The k-means algorithm is a widely used unsupervised machine learning algorithm for clustering. In unsupervised machine learning, no samples have labels. But in many practical applications, users usually have a little samples with ground-truth label. So we could utilize these labels to do a more accurate clustering, and this is where semi-supervised clustering algorithms come from.
Constrained seed k-means algorithm is a classical semi-supervised clustering algorithm. These samples with true label are called seed samples. The main differences between this algorithm and k-means algorithm lie in two aspects, which are:
-
centroids initialization : instead of randomly choosing k samples from training dataset as the initial centroids, in constrained seed k-means algorithm, it uses the seed samples with the same label to form the initial cluster and then calculate the mean vector within that cluster as the initial centroids.
-
cluster updating : instead of updating the associated cluster index for each sample, in constrained seed k-means algorithm, the associated cluster index for those seed samples does not change in all iterations.
The algorithm details are shown below.
You can use the class ConstrainedSeedKMeans
in seed_kmeans.py
to do both kmeans clustering and constrained seed kmeans clustering.

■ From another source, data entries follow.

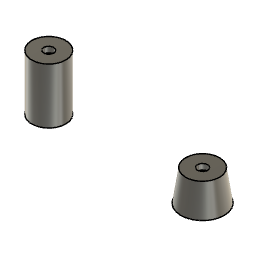
ThreadedRodConnectors v12 (Autodesk Fusion 360 design; units mm, degrees)
Autodesk Fusion 360 part; units mm, degrees
sketch "BaseSketch" plane through (0, 0, 0) normal (0, 0, 1) x (1, 0, 0)
  circle A0 centre (0, 0) radius 5.5
  circle A1 centre (0, 0) radius 1.6
  dimension "d63" = 11
  dimension "d64" = 3.2
  constraint coincident A0.centre A1.centre
  constraint concentric A0 A1
  measures "d63" diameter of A0
  measures "d64" diameter of A1
extrude "ExtrudeCylinder" add sketch "BaseSketch" along normal blind 18 makes body 1
sketch "Nut4mmSketch" plane through (0, 0, 0) normal (0, 0, -1) x (1, 0, 0)
  circle A0 centre (0, 0) radius 1.6
  circle A1 centre (0, 0) radius 5.5
  line L0 (2.85, 1.6454) -> (0, 3.2909)
  line L1 (0, 3.2909) -> (-2.85, 1.6454)
  line L2 (-2.85, 1.6454) -> (-2.85, -1.6454)
  line L3 (-2.85, -1.6454) -> (0, -3.2909)
  line L4 (0, -3.2909) -> (2.85, -1.6454)
  line L5 (2.85, -1.6454) -> (2.85, 1.6454)
  dimension "d68" = 2.85
  constraint coincident A0.centre A1.centre
  constraint vertical L5
  measures "d68" distance of A0.centre L5
sketch "Nut3mmSketch" plane through (0, 0, 18) normal (0, 0, 1) x (-1, 0, 0)
  circle A0 centre (0, 0) radius 1.6
  circle A1 centre (0, 0) radius 5.5
  line L0 (2.85, 1.6454) -> (0, 3.2909)
  line L1 (0, 3.2909) -> (-2.85, 1.6454)
  line L2 (-2.85, 1.6454) -> (-2.85, -1.6454)
  line L3 (-2.85, -1.6454) -> (0, -3.2909)
  line L4 (0, -3.2909) -> (2.85, -1.6454)
  line L5 (2.85, -1.6454) -> (2.85, 1.6454)
  dimension "d69" = 2.85
  constraint coincident A0.centre A1.centre
  constraint vertical L5
  measures "d69" distance of A0.centre L5
extrude "Cut4mmNut" cut sketch "Nut4mmSketch" against normal blind 2.2 from surface at -1.2 contours L0 L1 L2 L3 L4 L5 bodies 1
extrude "Cut3mmNut" cut sketch "Nut3mmSketch" against normal blind 2.2 from surface at -3 contours L0 L1 L2 L3 L4 L5 bodies 1
sketch "BigHoleSketch" plane through (0, 0, 0) normal (0, 0, -1) x (1, 0, 0)
  circle A0 centre (0, 0) radius 1.6
  circle A1 centre (0, 0) radius 5.5
  circle A2 centre (0, 0) radius 5.5
  circle A3 centre (0, 0) radius 2.1
  dimension "d77" = 11
  dimension "d78" = 4.2
  constraint coincident A0.centre A1.centre
  constraint concentric A0 A3
  measures "d77" diameter of A2
  measures "d78" diameter of A3
sketch "Taper4mm" plane through (0, 0, 3.4) normal (0, 0, -1) x (1, 0, 0)
  circle A0 centre (0, 0) radius 1.6
  line L0 (2.85, -1.6454) -> (2.85, 1.6454)
  line L1 (2.85, 1.6454) -> (0, 3.2909)
  line L2 (0, 3.2909) -> (-2.85, 1.6454)
  line L3 (-2.85, 1.6454) -> (-2.85, -1.6454)
  line L4 (-2.85, -1.6454) -> (0, -3.2909)
  line L5 (0, -3.2909) -> (2.85, -1.6454)
  circle A1 centre (0, 0) radius 2.75
  dimension "d85" = 5.5
  constraint coincident A0.centre A1.centre
  measures "d85" diameter of A1
extrude "CutTaper4mm" cut sketch "Taper4mm" against normal blind 10 draft -40 contours A0 | A1 bodies 1
sketch "Taper3mm" plane through (0, 0, 15) normal (0, 0, -1) x (1, 0, 0)
  circle A0 centre (0, 0) radius 1.6
  line L0 (-2.85, 1.6454) -> (-2.85, -1.6454)
  line L1 (-2.85, -1.6454) -> (0, -3.2909)
  line L2 (0, -3.2909) -> (2.85, -1.6454)
  line L3 (2.85, -1.6454) -> (2.85, 1.6454)
  line L4 (2.85, 1.6454) -> (0, 3.2909)
  line L5 (0, 3.2909) -> (-2.85, 1.6454)
  circle A1 centre (0, 0) radius 2.75
  dimension "d88" = 5.5
  constraint coincident A0.centre A1.centre
  measures "d88" diameter of A1
extrude "CutTaper3mm" cut sketch "Taper3mm" against normal blind 3 draft -45 contours A0 | A1 bodies 1
sketch "BottomSketch" plane through (0, 0, 0) normal (0, 0, 1) x (1, 0, 0) in component "Striker"
  circle A0 centre (50, 0) radius 7
  point P0 (50, 0)
  dimension "d93" = 14
  dimension "d96" = 50
  constraint coincident P0 A0.centre
  constraint horizontal origin A0.centre
  measures "d93" diameter of A0
  measures "d96" distance of origin A0.centre
ref_plane "WorkPlane1" through (50, 0, 10) normal (0, 0, 1) x (1, 0, 0) in component "Striker"
sketch "TopSketch" plane through (0, 0, 10) normal (0, 0, 1) x (1, 0, 0) in component "Striker"
  circle A0 centre (50, 0) radius 5.5
  circle A1 centre (50, 0) radius 1.6
  point P0 (50, 0)
  dimension "d95" = 11
  dimension "d97" = 3.2
  constraint coincident P0 A0.centre
  constraint concentric A0 A1
  measures "d95" diameter of A0
  measures "d97" diameter of A1
loft "LoftBody" add profiles "BottomSketch", "TopSketch" section 1 section 2 contours A0 | A1 separate body makes body 2 in component "Striker"
extrude "Extrude1" cut sketch "TopSketch" against normal up to surface (8 mm away) contours A1 bodies 2 in component "Striker"
sketch "NutSketch" plane through (0, 0, 10) normal (0, 0, 1) x (1, 0, 0) in component "Striker"
  line L0 (47.15, -1.6454) -> (50, -3.2909)
  line L1 (50, -3.2909) -> (52.85, -1.6454)
  line L2 (52.85, -1.6454) -> (52.85, 1.6454)
  line L3 (52.85, 1.6454) -> (50, 3.2909)
  line L4 (50, 3.2909) -> (47.15, 1.6454)
  line L5 (47.15, 1.6454) -> (47.15, -1.6454)
  point P0 (50, 0)
  point P1 (50, 0)
  dimension "d100" = 2.85
  constraint coincident P1 P0
  constraint vertical L2
  measures "d100" distance of P1 L5
extrude "CutNutHole" cut sketch "NutSketch" against normal blind 2.2 from surface at -3 bodies 2 in component "Striker"
sketch "NutCone" plane through (0, 0, 7) normal (0, 0, -1) x (1, 0, 0) in component "Striker"
  circle A0 centre (50, 0) radius 1.6
  line L0 (47.15, 1.6454) -> (47.15, -1.6454)
  line L1 (47.15, -1.6454) -> (50, -3.2909)
  line L2 (50, -3.2909) -> (52.85, -1.6454)
  line L3 (52.85, -1.6454) -> (52.85, 1.6454)
  line L4 (52.85, 1.6454) -> (50, 3.2909)
  line L5 (50, 3.2909) -> (47.15, 1.6454)
  circle A1 centre (50, 0) radius 2.75
  dimension "d104" = 5.5
  constraint concentric A0 A1
  measures "d104" diameter of A1
extrude "Extrude3" cut sketch "NutCone" against normal blind 4 draft -45 contours A0 | A1 bodies 2 in component "Striker"
component "Striker" placed x (1, 0, 0) y (0, 1, 0) z (0, 0, 1) at (0, 0, 0)
equation "nut_thickness = 2.6 mm"
equation "outer_diam = 11 mm"
equation "inner_diam_small = 3.2 mm"
equation "nut3mm_circumscribe = 2.85 mm"
equation "nut4mm_circumscribe = 3.6 mm"
equation "nut3mm_thickness = 2.2 mm"
equation "nut4mm_thickness = 3.2 mm"
equation "nut3mm_dist = 3 mm"
equation "nut4mm_dist = 1.2 mm"
equation "d63 = outer_diam"
equation "d64 = inner_diam_small"
equation "total_height = 18 mm"
equation "d66 = total_height"
equation "d68 = nut3mm_circumscribe"
equation "d69 = nut3mm_circumscribe"
equation "d70 = -nut4mm_dist"
equation "d71 = -nut3mm_thickness"
equation "d73 = -nut3mm_dist"
equation "d74 = -nut3mm_thickness"
equation "inner_diam_large = 4.2 mm"
equation "d77 = outer_diam"
equation "d78 = inner_diam_large"
equation "d85 = nut3mm_circumscribe * 2 - 0.2 mm"
equation "d88 = nut3mm_circumscribe * 2 - 0.2 mm"
equation "striker_base_diam = 14 mm"
equation "striker_height = 10 mm"
equation "d93 = striker_base_diam"
equation "d94 = striker_height"
equation "d95 = outer_diam"
equation "d97 = inner_diam_small"
equation "d100 = nut3mm_circumscribe"
equation "d101 = -nut3mm_dist"
equation "d102 = -nut3mm_thickness"
equation "d104 = ( nut3mm_circumscribe * 2 ) - 0.2 mm"
named bodies: "SolenoidToRodAttachment", "Striker"

For example, if all our samples has no label, then ConstrainedSeedKMeans
is same as k-means
:
import numpy as np
from seed_kmeans import ConstrainedSeedKMeans
dataset = np.genfromtxt('./watermelon_4.0.txt', delimiter=',')
X = dataset[:, 1:]
y = [-1 for _ in range(X.shape[0])]
kmeans = ConstrainedSeedKMeans(n_clusters=3, n_init=10, verbose=False)
kmeans.fit(X, y)
print(kmeans.indices)
where we use -1
to indicate samples with no label.
We can assign label to some samples as:
y = [-1 for _ in range(X.shape[0])]
y[3], y[24] = 0, 0
y[11], y[19] = 1, 1
y[13], y[16] = 2, 2
then we can perform constrained seed k-means:
seed_kmeans = ConstrainedSeedKMeans(n_clusters=3, n_init=10, verbose=False)
seed_kmeans.fit(X, y)
print(seed_kmeans.indices)
[1] Basu, Sugato, Arindam Banerjee, and Raymond Mooney. "Semi-supervised clustering by seeding." In Proceedings of 19th International Conference on Machine Learning (ICML-2002. 2002.